- **DIRECTIONS**:
What you return should be the lines from the first line of the records below through the line holding "layer by layer", unchanged.

··· PROVIDED RECORDS ···

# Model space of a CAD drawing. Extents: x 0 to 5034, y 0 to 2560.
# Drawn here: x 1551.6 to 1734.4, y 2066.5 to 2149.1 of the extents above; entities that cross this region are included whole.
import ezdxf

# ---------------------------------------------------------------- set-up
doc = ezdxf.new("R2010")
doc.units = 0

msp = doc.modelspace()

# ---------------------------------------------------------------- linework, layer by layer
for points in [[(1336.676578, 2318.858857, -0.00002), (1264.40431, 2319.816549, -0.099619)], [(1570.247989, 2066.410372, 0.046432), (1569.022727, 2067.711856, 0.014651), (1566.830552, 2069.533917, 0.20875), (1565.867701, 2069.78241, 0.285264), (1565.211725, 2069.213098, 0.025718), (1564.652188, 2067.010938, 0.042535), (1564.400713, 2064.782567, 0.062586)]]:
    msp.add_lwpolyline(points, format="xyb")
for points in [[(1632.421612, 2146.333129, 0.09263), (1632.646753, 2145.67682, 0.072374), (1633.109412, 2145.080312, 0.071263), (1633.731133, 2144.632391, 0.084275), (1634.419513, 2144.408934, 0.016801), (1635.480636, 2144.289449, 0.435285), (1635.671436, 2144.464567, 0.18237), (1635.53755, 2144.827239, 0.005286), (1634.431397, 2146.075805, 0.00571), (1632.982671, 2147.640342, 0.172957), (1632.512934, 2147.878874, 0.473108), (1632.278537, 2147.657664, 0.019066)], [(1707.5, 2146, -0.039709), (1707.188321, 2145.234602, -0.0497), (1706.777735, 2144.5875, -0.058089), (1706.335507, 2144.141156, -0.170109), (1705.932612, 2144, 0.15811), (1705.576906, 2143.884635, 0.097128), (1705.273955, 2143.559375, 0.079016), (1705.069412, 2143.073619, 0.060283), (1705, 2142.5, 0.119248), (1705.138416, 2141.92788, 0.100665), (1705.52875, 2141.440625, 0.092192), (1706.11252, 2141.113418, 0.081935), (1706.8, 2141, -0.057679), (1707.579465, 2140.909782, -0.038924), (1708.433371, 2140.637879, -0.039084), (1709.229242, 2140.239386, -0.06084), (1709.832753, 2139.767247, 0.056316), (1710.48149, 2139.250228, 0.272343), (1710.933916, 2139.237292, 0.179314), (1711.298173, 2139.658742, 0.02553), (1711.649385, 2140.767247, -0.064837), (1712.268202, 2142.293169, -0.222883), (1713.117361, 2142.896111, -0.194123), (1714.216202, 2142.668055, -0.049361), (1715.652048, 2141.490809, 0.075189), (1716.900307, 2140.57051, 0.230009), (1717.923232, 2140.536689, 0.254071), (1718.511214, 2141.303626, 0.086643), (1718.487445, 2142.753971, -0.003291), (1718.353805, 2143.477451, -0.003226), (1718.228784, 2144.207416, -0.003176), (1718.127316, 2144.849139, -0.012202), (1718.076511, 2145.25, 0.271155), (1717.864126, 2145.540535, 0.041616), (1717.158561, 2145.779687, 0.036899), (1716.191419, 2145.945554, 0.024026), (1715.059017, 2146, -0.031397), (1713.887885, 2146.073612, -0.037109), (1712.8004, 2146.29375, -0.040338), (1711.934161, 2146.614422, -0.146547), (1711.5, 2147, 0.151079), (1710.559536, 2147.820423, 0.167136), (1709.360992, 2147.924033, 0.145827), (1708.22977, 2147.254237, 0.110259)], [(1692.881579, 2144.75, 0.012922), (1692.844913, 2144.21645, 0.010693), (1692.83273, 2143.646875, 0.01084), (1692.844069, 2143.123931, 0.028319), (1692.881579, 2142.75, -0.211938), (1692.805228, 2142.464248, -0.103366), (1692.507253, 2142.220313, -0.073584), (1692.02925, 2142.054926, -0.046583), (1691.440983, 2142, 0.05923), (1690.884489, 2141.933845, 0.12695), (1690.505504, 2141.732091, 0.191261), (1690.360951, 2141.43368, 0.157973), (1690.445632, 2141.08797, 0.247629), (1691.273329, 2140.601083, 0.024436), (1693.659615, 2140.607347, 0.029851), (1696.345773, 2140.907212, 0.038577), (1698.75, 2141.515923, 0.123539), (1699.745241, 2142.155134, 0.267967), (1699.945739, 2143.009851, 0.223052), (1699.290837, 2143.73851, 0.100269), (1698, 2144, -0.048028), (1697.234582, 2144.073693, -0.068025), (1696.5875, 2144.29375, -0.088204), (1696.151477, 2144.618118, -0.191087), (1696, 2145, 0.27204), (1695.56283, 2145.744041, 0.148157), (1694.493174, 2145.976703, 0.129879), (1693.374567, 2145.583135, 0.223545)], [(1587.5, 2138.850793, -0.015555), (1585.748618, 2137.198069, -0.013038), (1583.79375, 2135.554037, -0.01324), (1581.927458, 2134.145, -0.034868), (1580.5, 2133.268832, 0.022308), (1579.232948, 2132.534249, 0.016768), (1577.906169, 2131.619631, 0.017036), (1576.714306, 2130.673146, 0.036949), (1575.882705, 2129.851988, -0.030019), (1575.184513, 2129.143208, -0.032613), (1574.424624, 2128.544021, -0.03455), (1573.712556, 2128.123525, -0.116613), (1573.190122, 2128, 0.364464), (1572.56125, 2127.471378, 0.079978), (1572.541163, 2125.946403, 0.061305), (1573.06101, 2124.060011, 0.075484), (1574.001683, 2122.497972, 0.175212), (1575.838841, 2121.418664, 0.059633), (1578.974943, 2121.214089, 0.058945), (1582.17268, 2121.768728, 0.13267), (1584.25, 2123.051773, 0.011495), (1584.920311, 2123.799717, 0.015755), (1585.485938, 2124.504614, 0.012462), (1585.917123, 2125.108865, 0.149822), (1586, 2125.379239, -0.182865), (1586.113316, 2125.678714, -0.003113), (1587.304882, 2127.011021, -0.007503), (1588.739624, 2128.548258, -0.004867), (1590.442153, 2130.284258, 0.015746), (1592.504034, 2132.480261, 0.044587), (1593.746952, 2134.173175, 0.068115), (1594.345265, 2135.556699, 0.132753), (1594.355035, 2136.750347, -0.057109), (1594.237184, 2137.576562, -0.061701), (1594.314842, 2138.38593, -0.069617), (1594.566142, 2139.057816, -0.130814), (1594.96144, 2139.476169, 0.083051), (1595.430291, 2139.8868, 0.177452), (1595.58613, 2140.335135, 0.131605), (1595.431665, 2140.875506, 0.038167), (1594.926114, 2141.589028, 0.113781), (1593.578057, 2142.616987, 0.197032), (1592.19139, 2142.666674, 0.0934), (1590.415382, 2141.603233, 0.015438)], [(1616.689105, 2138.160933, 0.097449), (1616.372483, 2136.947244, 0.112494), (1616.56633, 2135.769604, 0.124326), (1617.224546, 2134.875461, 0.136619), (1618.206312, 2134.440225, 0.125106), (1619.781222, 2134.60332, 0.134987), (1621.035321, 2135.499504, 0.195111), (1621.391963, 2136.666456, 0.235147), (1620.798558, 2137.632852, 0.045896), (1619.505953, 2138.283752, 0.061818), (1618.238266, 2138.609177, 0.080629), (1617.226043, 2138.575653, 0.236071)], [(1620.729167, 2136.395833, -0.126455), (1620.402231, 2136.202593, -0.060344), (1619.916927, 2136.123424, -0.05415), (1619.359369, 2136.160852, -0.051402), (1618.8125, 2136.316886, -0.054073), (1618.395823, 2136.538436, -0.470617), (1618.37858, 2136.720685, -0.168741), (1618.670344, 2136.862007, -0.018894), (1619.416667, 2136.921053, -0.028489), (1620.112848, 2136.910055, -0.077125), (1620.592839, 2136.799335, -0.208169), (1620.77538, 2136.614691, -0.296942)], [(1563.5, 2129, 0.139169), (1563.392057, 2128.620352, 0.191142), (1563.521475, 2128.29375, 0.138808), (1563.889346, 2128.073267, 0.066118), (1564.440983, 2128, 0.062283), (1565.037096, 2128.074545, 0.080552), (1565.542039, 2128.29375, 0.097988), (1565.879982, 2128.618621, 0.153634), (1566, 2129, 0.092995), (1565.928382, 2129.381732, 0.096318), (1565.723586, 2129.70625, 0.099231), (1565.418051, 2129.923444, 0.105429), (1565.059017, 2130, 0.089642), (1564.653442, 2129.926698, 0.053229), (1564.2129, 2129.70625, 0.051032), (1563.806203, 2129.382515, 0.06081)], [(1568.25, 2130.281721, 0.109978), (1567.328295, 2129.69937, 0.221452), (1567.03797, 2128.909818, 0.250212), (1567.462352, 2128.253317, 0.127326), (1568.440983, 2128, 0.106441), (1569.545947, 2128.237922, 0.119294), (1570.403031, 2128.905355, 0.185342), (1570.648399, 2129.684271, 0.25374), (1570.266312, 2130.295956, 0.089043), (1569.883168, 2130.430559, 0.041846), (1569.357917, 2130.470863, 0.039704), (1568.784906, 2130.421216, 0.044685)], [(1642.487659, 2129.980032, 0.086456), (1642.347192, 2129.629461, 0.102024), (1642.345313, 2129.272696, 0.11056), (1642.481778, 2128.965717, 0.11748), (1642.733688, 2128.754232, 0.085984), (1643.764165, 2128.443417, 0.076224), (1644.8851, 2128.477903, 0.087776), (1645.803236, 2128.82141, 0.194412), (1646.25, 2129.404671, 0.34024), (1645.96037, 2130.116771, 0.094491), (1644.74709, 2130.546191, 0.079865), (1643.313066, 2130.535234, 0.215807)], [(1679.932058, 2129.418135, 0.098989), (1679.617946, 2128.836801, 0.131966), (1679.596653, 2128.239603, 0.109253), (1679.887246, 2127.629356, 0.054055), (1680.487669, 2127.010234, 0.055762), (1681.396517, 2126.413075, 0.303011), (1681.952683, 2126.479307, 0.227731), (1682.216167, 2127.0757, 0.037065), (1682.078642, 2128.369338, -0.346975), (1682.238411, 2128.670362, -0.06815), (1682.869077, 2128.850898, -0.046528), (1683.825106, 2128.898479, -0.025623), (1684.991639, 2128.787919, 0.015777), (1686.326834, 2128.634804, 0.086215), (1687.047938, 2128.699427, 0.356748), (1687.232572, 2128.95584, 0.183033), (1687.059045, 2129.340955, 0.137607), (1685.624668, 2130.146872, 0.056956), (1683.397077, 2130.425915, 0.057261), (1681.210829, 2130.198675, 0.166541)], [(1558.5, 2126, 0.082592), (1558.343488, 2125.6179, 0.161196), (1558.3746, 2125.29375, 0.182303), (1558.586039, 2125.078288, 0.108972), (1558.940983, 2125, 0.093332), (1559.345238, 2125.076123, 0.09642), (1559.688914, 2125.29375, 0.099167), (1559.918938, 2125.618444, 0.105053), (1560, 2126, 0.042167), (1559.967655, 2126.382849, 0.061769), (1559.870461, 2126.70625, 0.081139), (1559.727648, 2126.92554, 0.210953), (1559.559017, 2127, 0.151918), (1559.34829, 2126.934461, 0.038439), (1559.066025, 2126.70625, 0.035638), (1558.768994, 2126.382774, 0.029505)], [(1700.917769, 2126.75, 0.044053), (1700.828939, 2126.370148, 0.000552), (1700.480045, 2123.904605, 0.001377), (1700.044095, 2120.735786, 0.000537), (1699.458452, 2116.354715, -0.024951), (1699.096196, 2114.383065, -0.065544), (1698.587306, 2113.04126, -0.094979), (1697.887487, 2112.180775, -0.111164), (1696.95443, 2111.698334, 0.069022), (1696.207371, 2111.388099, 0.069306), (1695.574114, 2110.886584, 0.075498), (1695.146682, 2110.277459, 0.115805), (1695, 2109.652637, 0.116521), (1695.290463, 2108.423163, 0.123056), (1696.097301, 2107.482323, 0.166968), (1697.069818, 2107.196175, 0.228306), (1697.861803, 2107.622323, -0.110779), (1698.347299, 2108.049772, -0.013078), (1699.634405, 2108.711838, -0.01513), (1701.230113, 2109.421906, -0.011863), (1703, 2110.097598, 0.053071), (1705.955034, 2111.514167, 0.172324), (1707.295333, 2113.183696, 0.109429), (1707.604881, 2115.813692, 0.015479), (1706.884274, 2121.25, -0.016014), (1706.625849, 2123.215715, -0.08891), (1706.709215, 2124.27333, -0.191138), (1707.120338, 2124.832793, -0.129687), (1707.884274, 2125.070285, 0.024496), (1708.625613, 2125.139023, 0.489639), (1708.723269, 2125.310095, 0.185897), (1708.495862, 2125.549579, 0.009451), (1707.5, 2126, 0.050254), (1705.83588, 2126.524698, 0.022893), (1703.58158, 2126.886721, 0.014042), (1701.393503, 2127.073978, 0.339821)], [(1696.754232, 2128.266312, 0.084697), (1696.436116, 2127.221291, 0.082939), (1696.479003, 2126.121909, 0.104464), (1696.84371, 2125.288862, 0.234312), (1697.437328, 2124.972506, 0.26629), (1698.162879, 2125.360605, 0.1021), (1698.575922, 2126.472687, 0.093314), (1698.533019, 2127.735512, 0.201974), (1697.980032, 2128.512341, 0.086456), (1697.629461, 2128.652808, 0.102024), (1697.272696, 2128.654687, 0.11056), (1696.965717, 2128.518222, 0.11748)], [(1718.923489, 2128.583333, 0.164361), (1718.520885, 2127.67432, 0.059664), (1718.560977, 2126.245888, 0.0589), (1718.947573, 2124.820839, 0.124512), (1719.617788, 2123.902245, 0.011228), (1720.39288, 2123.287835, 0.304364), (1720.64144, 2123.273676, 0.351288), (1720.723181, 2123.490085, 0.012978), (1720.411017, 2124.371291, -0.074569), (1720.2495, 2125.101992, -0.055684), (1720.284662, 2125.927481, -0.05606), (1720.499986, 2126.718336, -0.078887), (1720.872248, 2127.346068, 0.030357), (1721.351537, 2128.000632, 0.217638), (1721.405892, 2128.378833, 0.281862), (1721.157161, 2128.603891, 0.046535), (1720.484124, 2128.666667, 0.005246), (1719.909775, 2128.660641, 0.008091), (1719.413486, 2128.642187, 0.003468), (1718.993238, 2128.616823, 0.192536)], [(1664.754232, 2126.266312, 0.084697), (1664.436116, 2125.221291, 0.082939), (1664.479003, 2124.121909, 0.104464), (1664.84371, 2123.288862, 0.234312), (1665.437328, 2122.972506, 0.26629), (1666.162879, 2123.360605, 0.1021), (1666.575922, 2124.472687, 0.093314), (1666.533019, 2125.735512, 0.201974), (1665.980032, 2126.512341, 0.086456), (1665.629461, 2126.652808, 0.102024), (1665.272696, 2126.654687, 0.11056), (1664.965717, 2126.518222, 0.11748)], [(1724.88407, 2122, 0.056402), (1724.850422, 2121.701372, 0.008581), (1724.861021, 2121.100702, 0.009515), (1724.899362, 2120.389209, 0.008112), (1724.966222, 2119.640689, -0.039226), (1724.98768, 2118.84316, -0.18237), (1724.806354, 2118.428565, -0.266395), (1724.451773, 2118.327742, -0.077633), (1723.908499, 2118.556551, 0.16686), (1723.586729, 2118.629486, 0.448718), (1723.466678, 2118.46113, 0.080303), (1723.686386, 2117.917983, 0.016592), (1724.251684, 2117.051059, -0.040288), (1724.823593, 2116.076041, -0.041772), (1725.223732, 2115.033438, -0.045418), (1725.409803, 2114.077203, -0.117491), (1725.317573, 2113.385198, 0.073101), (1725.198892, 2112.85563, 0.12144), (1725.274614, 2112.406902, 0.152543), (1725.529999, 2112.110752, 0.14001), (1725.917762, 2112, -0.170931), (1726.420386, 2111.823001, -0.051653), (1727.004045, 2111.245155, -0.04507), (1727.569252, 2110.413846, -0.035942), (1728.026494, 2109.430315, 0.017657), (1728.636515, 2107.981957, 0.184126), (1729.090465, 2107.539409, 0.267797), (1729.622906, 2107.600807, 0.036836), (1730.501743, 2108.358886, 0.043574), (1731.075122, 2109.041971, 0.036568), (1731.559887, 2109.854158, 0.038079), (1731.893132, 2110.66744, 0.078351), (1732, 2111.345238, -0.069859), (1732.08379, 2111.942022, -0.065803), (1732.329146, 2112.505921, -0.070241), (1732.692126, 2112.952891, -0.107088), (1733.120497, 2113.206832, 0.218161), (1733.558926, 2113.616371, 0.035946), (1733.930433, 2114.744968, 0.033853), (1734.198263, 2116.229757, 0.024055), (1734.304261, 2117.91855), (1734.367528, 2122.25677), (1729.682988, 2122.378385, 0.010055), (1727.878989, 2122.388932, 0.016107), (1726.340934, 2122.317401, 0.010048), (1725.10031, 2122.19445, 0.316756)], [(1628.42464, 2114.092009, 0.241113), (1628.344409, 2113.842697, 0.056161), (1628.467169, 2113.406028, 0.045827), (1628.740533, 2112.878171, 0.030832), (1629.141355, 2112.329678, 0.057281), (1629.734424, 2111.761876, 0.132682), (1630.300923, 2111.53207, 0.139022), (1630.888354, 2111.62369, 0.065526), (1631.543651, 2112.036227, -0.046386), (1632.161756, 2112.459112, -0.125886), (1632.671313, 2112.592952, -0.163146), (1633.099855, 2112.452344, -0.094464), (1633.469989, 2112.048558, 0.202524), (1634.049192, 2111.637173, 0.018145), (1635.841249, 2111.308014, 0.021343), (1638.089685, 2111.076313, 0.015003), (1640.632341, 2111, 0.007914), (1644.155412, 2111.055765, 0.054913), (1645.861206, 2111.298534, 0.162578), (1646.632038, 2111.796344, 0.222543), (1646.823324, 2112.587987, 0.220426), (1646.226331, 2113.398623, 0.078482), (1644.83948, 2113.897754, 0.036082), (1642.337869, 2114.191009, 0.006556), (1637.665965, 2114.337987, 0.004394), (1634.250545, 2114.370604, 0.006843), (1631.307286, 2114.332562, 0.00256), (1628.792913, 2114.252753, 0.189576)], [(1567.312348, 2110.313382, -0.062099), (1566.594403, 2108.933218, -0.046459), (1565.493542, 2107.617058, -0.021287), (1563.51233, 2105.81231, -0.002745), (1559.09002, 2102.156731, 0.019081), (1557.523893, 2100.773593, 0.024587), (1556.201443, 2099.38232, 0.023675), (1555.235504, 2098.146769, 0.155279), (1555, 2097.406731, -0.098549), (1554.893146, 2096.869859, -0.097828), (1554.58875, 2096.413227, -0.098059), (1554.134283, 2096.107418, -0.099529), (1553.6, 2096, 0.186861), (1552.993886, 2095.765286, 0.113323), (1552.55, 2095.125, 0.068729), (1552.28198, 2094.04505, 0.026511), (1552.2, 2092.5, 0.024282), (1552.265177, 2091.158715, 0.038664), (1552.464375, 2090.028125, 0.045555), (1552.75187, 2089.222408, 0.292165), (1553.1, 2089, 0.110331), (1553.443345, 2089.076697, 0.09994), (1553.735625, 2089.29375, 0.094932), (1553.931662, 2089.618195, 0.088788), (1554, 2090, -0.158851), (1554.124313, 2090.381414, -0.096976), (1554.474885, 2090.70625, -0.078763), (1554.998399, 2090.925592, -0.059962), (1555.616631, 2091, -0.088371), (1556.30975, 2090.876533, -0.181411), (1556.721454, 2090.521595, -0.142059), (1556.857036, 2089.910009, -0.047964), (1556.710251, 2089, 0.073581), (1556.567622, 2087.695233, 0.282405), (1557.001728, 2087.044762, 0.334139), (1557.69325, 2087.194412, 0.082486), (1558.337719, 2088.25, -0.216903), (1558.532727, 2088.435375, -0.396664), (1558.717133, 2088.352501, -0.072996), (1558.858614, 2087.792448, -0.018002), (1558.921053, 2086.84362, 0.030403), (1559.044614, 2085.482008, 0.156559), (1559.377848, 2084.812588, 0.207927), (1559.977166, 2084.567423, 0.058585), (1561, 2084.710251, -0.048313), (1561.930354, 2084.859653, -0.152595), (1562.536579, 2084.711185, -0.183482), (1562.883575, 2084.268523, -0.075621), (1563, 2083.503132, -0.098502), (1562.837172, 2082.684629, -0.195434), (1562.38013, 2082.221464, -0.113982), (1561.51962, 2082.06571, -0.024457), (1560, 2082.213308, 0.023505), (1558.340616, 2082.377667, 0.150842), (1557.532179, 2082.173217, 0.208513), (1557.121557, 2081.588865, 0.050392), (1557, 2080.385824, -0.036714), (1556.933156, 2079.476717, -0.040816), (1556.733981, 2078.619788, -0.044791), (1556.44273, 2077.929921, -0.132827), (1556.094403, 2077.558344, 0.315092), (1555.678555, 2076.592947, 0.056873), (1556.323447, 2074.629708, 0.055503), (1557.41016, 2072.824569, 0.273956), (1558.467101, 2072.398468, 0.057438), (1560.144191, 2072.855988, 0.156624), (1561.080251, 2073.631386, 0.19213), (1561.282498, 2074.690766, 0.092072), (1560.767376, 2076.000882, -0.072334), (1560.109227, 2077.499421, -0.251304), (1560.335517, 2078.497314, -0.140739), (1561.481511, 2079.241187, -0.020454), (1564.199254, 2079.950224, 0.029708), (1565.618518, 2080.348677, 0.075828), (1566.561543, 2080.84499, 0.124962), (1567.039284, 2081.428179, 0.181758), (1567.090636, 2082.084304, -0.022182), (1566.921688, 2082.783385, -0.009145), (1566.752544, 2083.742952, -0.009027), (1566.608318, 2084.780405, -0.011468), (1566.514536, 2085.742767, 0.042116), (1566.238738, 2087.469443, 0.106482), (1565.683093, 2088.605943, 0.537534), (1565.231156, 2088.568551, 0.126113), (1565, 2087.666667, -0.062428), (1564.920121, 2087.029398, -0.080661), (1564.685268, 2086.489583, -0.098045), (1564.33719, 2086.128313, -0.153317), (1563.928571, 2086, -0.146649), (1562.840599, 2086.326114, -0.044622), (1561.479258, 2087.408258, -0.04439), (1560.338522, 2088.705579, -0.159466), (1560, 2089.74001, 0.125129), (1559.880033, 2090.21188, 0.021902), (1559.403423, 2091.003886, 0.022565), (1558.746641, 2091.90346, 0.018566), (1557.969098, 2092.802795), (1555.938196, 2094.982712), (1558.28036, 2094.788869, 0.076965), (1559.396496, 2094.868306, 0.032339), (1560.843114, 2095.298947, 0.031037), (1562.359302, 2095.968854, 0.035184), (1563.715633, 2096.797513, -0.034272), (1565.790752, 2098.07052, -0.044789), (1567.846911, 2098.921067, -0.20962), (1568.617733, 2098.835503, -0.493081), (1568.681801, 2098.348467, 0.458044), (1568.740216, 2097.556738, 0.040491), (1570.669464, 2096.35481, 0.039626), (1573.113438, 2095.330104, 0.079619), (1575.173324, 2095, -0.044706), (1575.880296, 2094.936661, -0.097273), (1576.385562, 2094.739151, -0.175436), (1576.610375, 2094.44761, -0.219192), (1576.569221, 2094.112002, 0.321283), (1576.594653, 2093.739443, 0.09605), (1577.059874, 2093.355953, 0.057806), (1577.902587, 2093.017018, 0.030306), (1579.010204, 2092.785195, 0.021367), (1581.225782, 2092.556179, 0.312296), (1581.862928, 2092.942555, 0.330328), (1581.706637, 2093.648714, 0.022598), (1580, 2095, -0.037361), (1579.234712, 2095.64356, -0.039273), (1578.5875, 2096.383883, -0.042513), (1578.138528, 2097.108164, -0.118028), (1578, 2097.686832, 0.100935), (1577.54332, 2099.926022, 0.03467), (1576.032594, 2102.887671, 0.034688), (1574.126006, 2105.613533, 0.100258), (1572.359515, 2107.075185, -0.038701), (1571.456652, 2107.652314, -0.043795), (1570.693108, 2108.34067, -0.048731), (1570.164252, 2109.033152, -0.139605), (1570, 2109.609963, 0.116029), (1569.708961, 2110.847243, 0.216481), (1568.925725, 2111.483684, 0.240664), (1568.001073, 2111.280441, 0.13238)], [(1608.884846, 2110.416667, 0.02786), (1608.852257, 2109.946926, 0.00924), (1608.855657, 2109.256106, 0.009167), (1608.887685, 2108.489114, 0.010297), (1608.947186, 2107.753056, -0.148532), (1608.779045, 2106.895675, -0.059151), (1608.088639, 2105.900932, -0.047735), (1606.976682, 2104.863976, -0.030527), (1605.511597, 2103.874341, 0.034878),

···

- **EXERCISE RESULT**:
# Model space of a CAD drawing. Extents: x 0 to 5034, y 0 to 2560.
# Drawn here: x 1551.6 to 1734.4, y 2066.5 to 2149.1 of the extents above; entities that cross this region are included whole.
import ezdxf

# ---------------------------------------------------------------- set-up
doc = ezdxf.new("R2010")
doc.units = 0

msp = doc.modelspace()

# ---------------------------------------------------------------- linework, layer by layer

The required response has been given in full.